На тумбочке – прямо на лакированном дереве – был наклеен листок с номером телефона. Лиза не помнила, чей этот номер и кто его наклеил, но знала, что сейчас нужно звонить.
Она набрала номер на черном аппарате, слушая, как белый диск возвращается на место с легким шелестом, и ей сразу ответили:
– Лиза! – узнала она голос дяди Кеши. – Началось? Машина через десять минут. Я сам поднимусь – у меня ключ.
Лиза ничего не сказала, повесила трубку и с трудом встала – собраться.
Родился мальчик. Все прошло, как и должно пройти при первых родах у здоровой восемнадцатилетней девушки – с трудом. Но без осложнений.
Через неделю ее привезли домой, где Лизу ждали детская кроватка, коляска и комод, забитый одеждой для маленького. И цветы, цветы – в каждой комнате.
Толстая медсестра долго хлопотала в детской – устраивая, переставляя, переделывая. Лиза сидела на диване в гостиной, дядя Кеша стоял, то и дело спрашивая, как она себя чувствует. Лиза чувствовала себя хорошо. Она хотела спать.
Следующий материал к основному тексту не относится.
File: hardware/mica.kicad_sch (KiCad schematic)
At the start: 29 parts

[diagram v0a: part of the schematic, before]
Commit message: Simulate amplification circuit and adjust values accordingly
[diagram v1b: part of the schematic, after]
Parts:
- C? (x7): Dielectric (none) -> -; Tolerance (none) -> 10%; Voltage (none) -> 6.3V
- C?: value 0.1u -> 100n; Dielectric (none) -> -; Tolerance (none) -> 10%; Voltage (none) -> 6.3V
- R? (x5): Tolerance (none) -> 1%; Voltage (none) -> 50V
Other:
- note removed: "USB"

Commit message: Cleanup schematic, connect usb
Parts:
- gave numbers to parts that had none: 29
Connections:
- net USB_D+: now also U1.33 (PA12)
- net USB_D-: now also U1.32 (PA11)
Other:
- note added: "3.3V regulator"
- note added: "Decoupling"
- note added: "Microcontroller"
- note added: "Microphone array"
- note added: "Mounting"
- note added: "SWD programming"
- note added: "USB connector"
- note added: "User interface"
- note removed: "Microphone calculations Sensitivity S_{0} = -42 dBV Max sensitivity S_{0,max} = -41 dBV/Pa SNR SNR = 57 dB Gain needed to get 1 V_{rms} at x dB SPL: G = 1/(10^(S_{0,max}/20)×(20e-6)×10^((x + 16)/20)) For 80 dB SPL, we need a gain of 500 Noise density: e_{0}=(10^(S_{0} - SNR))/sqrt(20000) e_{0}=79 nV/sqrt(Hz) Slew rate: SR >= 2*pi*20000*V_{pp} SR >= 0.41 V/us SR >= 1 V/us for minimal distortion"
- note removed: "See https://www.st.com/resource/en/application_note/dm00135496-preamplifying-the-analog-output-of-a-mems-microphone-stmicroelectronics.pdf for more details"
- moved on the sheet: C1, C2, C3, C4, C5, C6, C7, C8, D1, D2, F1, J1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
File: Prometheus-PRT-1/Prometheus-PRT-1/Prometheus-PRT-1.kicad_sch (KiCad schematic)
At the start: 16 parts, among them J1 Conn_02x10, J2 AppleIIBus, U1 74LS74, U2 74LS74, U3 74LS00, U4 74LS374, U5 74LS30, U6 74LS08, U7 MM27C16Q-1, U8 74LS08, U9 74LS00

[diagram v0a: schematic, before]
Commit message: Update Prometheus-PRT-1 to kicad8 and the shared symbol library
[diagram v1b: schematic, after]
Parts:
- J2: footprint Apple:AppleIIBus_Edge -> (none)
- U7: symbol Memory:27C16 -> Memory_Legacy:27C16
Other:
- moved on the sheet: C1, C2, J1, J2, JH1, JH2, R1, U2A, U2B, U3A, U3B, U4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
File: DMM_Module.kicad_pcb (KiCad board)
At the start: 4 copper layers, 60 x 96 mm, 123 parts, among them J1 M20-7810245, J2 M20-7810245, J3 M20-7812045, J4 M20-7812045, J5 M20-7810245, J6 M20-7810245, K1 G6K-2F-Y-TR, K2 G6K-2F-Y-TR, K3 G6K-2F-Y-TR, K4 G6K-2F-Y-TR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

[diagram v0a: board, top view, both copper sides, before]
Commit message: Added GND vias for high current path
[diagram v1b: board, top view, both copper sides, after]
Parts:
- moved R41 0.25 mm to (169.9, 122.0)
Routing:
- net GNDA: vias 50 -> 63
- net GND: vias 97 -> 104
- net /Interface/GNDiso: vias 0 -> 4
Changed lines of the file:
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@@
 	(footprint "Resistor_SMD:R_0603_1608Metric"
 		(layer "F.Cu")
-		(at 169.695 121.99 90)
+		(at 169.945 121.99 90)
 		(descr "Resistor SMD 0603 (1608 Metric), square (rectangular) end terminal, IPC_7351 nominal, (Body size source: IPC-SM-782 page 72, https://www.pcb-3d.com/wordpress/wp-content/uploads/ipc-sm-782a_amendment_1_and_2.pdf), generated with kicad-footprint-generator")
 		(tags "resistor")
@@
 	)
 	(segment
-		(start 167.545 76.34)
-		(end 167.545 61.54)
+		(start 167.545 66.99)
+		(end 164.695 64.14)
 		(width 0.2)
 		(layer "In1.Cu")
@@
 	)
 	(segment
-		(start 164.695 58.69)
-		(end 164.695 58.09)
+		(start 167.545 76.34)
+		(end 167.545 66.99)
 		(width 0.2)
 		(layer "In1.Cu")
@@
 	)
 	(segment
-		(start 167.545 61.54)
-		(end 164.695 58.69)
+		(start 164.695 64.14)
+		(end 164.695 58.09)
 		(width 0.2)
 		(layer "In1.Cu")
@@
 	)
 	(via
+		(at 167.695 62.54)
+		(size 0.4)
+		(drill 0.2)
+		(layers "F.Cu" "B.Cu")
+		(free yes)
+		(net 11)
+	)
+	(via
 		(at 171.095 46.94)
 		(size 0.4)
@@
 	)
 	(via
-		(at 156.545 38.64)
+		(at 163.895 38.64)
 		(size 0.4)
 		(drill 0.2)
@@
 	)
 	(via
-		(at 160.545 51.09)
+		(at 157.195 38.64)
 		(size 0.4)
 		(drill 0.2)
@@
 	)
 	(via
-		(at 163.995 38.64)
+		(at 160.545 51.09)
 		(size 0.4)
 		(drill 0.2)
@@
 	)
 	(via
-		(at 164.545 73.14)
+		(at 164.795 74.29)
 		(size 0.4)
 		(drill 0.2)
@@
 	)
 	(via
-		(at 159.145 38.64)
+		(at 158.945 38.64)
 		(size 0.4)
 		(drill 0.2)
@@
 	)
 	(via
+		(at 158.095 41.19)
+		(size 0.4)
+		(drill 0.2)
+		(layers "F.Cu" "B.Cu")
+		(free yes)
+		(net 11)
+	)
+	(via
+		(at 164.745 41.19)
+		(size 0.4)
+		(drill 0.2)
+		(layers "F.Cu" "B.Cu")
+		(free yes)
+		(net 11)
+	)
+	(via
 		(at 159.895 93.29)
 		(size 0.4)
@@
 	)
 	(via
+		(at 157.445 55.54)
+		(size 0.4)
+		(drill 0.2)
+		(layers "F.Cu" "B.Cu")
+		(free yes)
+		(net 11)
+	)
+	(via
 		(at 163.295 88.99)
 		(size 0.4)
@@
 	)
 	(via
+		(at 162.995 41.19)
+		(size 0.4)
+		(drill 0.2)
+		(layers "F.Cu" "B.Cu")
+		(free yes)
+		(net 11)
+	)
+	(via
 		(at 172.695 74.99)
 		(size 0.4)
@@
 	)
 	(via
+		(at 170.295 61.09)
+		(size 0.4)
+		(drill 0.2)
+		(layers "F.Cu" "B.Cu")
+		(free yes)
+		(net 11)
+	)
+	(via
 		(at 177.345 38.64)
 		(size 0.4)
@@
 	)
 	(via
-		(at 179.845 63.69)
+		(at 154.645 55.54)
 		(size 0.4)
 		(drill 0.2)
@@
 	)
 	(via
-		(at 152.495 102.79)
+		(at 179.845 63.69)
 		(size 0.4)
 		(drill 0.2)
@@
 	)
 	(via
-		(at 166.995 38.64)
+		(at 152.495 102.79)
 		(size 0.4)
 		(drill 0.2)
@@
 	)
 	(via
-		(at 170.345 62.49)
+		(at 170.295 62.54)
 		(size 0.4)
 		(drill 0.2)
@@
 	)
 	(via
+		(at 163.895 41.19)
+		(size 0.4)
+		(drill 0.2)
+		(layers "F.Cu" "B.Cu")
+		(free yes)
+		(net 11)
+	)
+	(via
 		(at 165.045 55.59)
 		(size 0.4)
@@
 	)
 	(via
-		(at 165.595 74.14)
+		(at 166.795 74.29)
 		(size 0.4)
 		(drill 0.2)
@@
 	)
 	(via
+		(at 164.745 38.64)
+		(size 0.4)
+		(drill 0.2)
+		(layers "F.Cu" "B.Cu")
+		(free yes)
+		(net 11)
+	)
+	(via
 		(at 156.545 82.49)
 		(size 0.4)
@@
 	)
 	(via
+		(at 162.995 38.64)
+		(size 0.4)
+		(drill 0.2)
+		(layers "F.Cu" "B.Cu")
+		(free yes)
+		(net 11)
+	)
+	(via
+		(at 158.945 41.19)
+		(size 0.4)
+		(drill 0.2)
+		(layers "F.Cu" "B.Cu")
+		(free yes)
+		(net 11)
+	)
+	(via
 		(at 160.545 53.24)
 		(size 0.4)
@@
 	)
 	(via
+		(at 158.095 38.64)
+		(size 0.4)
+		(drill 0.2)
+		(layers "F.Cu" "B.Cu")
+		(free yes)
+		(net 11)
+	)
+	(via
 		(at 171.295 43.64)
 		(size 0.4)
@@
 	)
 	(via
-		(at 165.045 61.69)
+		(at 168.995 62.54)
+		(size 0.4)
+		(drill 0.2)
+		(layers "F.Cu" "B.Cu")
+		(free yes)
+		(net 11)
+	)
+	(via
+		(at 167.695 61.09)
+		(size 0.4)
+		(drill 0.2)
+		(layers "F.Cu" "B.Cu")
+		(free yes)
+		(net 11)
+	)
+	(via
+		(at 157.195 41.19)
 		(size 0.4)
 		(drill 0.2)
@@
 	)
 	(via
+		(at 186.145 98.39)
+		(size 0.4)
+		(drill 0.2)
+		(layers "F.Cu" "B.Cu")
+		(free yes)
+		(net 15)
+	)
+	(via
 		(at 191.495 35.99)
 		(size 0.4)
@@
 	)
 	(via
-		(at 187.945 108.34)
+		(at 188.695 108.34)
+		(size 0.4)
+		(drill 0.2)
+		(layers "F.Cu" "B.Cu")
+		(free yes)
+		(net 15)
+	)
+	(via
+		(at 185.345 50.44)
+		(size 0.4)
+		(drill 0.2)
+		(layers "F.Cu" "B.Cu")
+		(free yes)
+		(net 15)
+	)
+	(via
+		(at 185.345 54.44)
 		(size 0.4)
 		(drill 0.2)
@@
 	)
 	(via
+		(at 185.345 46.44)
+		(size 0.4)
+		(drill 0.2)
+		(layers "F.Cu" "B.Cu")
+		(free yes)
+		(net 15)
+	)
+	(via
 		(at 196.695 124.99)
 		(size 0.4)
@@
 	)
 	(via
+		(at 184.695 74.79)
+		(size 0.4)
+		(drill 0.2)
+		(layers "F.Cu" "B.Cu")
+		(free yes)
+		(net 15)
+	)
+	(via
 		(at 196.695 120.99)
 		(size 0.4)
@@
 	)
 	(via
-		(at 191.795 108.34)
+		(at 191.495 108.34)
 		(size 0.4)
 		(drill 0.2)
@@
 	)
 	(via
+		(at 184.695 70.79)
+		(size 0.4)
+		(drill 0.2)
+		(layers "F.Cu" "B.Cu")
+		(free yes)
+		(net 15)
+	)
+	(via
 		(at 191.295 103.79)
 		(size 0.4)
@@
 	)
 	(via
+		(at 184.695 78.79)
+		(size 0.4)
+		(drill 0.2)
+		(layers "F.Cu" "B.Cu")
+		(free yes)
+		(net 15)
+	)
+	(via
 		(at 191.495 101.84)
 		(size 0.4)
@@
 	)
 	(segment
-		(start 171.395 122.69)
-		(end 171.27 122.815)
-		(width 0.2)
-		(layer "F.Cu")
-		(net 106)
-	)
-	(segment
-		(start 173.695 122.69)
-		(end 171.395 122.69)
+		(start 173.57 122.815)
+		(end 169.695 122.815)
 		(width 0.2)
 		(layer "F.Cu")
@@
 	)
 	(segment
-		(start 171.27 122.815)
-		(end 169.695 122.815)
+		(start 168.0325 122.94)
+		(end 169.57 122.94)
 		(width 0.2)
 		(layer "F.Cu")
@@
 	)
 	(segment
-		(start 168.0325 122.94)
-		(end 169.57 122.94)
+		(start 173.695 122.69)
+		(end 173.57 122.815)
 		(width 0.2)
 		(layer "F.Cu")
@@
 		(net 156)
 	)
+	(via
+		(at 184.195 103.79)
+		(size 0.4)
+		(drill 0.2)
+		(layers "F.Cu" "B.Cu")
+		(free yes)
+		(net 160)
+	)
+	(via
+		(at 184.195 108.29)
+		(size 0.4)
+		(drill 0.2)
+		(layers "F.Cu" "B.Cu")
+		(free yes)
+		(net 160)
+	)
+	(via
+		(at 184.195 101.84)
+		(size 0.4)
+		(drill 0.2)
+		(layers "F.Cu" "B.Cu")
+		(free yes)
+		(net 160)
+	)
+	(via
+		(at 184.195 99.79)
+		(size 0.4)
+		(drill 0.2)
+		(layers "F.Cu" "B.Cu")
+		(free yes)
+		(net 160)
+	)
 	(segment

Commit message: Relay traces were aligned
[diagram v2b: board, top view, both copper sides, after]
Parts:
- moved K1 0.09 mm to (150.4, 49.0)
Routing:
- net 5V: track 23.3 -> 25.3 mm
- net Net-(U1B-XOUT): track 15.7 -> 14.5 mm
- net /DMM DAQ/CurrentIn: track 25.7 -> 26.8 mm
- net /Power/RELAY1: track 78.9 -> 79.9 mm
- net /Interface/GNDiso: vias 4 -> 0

– Завтра поедем и к гинекологу, и к педиатру, – говорил дядя Кеша. – Пусть посмотрят и тебя, и ребенка.
Лиза кивнула. Она хотела спать.
Затем пришла другая медсестра – молодая, с короткой стрижкой: остаться с Лизой на ночь.
Лиза вышла проводить дядю Кешу и толстую медсестру в переднюю. Здесь было темно и прохладно – словно в передней уже стоял вечер.
– Вот, Лиза, ты и мама, – сказала толстая медсестра, улыбаясь.
Лиза кивнула. Она смотрела на лежавшие у высокого зеркала красные вязаные варежки – совсем детские.
– Мама, – повторила Лиза. Она смотрела на варежки: – Мама. Откуда у меня эти варежки? Кто мне их дал?
Ей не ответили, потом дядя Кеша улыбнулся:
– Отдыхай, Лиза, отдыхай, тебе же ночью кормить.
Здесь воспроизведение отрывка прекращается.